Instructions for the task | When the string "rule" occurs in a line of the listing below, return that line.

Listed records |
##########

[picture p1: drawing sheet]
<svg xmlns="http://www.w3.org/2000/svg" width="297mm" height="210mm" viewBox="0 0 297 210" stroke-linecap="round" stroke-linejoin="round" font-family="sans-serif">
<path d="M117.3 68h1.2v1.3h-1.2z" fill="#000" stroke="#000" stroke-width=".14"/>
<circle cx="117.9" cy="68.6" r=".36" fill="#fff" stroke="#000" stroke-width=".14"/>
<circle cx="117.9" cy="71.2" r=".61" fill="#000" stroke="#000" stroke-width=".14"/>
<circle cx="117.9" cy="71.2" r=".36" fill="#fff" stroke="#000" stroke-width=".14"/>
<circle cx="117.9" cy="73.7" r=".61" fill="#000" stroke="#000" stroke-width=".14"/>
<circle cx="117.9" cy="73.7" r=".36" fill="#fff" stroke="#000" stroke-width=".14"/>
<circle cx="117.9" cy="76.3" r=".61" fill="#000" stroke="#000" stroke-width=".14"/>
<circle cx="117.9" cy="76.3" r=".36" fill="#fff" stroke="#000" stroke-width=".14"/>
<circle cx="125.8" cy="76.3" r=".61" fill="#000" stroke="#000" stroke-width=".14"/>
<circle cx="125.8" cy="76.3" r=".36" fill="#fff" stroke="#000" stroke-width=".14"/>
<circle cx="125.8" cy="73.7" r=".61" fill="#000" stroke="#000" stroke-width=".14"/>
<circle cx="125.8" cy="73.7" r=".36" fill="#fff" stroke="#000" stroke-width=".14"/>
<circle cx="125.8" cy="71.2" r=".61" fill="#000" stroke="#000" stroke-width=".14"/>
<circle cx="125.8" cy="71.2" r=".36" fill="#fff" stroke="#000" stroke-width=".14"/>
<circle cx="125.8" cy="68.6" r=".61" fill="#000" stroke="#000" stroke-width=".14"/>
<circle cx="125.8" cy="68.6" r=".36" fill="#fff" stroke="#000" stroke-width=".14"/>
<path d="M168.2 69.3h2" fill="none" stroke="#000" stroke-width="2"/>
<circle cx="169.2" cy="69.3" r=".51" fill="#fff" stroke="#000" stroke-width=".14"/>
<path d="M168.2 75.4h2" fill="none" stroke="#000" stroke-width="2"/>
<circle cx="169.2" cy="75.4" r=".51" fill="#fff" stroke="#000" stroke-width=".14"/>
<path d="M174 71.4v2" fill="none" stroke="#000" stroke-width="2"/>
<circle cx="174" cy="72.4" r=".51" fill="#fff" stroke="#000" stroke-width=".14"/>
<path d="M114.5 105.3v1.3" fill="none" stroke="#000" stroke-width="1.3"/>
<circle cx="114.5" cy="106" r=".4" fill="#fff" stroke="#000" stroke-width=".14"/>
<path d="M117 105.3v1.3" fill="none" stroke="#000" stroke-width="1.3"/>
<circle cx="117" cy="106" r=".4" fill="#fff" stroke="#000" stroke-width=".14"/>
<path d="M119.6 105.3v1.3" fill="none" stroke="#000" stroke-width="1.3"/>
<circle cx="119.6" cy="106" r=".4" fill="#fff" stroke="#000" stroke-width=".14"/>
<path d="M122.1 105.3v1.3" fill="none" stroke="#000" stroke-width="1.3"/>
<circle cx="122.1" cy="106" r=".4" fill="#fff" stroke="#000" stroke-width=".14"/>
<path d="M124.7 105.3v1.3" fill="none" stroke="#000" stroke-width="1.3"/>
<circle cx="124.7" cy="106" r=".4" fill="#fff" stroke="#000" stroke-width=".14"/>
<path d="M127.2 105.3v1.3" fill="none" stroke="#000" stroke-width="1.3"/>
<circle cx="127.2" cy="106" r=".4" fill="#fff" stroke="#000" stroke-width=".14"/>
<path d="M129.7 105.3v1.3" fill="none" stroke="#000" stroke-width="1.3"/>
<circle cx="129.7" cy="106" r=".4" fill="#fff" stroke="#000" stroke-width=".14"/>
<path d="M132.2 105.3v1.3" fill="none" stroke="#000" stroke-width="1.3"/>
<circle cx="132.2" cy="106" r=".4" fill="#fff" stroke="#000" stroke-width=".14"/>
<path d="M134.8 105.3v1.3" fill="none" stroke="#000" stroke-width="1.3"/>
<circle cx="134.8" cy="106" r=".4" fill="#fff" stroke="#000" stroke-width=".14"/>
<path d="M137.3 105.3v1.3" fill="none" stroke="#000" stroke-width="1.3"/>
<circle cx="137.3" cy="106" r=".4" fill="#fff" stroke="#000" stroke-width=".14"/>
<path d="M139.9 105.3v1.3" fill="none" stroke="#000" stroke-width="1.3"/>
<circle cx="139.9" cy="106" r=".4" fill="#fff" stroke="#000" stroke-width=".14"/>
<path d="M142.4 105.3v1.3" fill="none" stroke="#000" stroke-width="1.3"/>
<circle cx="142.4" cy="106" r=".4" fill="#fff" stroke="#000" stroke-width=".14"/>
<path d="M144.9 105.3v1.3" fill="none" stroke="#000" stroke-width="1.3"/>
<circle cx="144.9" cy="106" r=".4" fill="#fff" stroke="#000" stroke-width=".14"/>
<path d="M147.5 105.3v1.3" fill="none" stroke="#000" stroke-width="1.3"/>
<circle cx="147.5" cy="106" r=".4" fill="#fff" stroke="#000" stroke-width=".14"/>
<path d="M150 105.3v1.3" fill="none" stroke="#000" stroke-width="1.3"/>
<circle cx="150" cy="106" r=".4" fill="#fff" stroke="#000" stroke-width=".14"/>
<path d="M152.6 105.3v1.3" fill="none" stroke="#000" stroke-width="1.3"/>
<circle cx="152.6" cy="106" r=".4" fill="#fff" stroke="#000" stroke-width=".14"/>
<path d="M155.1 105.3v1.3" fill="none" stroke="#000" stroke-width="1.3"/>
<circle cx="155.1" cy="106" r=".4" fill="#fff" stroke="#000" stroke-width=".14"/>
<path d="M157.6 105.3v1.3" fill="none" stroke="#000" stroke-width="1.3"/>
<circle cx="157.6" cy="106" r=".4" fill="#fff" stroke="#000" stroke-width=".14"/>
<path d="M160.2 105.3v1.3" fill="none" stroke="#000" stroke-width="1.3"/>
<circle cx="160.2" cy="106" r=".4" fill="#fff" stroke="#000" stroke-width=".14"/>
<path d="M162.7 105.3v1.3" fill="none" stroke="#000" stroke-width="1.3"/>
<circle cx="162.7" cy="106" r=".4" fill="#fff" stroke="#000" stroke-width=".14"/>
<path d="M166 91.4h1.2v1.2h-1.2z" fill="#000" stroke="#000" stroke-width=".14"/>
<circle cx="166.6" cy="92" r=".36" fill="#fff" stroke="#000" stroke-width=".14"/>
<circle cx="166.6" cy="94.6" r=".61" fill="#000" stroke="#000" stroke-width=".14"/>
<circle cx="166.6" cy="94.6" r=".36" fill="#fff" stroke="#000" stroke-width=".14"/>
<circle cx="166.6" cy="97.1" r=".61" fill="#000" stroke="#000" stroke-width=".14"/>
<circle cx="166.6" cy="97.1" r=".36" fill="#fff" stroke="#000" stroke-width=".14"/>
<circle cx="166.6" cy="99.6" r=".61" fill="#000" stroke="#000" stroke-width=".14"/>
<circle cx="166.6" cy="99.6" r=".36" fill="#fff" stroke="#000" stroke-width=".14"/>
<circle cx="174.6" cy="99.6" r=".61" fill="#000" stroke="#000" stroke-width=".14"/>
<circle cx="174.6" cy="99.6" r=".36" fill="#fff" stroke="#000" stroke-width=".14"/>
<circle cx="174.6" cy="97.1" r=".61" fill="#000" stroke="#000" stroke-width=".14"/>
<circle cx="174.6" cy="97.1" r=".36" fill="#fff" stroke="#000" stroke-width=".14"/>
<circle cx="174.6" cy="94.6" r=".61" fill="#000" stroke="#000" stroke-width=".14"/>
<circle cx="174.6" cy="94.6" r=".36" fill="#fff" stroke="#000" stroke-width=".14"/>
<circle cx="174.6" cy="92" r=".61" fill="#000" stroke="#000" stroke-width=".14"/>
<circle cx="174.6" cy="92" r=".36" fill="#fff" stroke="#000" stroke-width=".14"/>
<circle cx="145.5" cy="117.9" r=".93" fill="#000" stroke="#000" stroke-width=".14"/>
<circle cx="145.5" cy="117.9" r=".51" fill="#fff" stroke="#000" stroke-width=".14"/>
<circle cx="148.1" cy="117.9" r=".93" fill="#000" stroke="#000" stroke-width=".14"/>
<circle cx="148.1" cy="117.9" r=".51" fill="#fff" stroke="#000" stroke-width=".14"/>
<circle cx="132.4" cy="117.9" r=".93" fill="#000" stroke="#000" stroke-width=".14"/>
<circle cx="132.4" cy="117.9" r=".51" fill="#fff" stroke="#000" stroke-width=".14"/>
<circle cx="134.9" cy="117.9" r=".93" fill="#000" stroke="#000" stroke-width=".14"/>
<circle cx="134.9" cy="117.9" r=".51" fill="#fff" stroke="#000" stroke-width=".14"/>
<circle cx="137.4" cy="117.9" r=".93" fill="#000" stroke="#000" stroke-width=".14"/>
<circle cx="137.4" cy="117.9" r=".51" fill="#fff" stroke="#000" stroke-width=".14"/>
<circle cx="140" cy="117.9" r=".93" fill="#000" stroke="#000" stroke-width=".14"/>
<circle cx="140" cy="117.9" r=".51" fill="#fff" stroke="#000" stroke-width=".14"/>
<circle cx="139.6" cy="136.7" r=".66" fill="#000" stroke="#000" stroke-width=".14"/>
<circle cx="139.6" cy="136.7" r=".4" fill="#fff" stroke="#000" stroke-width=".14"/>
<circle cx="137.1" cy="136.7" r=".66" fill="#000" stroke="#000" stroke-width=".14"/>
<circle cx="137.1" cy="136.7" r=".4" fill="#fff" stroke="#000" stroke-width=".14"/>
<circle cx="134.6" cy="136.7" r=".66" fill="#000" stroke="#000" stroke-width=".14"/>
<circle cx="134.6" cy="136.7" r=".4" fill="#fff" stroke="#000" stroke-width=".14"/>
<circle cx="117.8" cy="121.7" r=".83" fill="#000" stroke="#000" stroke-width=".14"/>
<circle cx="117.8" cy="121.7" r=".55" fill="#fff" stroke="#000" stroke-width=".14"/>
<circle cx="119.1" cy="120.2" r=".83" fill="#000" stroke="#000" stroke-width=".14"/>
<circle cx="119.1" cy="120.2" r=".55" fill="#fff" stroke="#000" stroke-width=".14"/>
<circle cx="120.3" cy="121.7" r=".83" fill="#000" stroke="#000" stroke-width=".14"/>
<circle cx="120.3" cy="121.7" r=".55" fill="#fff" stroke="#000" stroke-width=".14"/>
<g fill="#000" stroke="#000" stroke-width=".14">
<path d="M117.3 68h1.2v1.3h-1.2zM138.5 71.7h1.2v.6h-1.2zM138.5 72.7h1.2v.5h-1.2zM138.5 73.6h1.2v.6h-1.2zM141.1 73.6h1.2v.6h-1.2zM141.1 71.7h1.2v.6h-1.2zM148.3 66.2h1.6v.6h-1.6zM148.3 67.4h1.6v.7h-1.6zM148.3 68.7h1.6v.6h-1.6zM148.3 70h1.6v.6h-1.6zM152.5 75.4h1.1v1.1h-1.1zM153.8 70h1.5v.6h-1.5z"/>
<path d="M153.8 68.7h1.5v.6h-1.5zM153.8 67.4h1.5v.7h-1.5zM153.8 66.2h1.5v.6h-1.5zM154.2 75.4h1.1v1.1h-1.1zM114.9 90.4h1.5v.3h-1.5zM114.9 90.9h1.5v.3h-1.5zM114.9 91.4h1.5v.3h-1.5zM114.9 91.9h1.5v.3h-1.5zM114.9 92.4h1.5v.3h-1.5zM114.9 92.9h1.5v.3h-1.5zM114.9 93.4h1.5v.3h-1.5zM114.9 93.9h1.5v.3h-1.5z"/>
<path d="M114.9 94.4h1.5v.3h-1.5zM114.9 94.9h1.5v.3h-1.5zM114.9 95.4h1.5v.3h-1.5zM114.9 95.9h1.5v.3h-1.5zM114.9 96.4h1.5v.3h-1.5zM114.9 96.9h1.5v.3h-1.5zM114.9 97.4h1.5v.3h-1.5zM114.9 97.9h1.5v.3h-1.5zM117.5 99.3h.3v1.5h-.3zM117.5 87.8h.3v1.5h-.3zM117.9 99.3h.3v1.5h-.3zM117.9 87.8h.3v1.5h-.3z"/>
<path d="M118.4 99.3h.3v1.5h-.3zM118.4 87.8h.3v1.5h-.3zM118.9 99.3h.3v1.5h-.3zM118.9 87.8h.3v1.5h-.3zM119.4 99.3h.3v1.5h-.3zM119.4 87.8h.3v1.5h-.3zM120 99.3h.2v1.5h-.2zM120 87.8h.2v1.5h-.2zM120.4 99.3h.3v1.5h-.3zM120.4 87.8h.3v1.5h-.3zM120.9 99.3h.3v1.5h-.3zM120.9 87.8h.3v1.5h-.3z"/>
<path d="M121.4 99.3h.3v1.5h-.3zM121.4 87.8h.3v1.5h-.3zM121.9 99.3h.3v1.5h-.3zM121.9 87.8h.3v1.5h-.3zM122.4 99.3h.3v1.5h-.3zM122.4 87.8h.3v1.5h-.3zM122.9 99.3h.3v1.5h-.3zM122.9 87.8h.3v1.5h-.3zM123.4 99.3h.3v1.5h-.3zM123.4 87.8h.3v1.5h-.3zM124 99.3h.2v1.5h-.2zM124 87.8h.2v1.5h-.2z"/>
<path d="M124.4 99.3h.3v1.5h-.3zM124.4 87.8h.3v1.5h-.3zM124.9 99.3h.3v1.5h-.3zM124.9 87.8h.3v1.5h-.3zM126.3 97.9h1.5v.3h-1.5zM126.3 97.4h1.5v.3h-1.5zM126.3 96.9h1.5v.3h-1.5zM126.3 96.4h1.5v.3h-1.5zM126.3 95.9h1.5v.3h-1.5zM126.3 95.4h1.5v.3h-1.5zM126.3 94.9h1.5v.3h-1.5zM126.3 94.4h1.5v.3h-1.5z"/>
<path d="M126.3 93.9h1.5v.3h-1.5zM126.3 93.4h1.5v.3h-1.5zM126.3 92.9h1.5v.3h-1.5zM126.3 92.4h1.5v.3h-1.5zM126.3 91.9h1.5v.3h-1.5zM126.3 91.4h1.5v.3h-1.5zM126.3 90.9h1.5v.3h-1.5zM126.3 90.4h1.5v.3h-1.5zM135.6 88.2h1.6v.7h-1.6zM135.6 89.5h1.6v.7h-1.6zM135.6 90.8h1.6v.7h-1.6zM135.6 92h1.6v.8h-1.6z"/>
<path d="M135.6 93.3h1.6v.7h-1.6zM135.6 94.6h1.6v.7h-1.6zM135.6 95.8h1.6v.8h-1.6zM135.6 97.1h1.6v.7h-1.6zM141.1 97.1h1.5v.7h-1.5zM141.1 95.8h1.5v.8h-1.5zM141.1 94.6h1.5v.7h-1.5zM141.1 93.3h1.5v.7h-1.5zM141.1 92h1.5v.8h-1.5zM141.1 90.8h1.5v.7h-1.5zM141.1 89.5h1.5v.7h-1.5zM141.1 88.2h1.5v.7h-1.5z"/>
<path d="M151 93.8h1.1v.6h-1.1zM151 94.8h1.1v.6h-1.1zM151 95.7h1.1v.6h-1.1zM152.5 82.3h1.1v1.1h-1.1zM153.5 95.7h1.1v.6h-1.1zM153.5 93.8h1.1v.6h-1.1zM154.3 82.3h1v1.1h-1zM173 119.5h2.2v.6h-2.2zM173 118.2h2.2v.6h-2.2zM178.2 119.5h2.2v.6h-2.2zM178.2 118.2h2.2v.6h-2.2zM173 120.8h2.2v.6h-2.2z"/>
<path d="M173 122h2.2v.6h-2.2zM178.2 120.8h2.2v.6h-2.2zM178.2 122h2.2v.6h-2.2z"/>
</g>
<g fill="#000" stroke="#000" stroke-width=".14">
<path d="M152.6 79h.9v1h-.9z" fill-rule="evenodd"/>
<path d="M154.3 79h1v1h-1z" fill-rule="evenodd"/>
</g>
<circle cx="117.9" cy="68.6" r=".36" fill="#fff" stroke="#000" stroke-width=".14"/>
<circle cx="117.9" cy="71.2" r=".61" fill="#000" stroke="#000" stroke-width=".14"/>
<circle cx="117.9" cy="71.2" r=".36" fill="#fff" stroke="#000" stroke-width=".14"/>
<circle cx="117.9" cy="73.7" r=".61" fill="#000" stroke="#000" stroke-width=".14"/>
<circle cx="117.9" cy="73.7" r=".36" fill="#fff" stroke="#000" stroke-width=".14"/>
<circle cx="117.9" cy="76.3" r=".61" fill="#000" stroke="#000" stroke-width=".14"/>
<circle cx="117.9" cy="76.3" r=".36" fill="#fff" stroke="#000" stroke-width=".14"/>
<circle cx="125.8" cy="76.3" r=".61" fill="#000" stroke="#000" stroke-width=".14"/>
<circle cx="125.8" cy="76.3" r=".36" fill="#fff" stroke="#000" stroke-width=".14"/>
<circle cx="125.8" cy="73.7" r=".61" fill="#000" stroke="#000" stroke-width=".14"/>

##########

Response area |
<path d="M152.6 79h.9v1h-.9z" fill-rule="evenodd"/>
<path d="M154.3 79h1v1h-1z" fill-rule="evenodd"/>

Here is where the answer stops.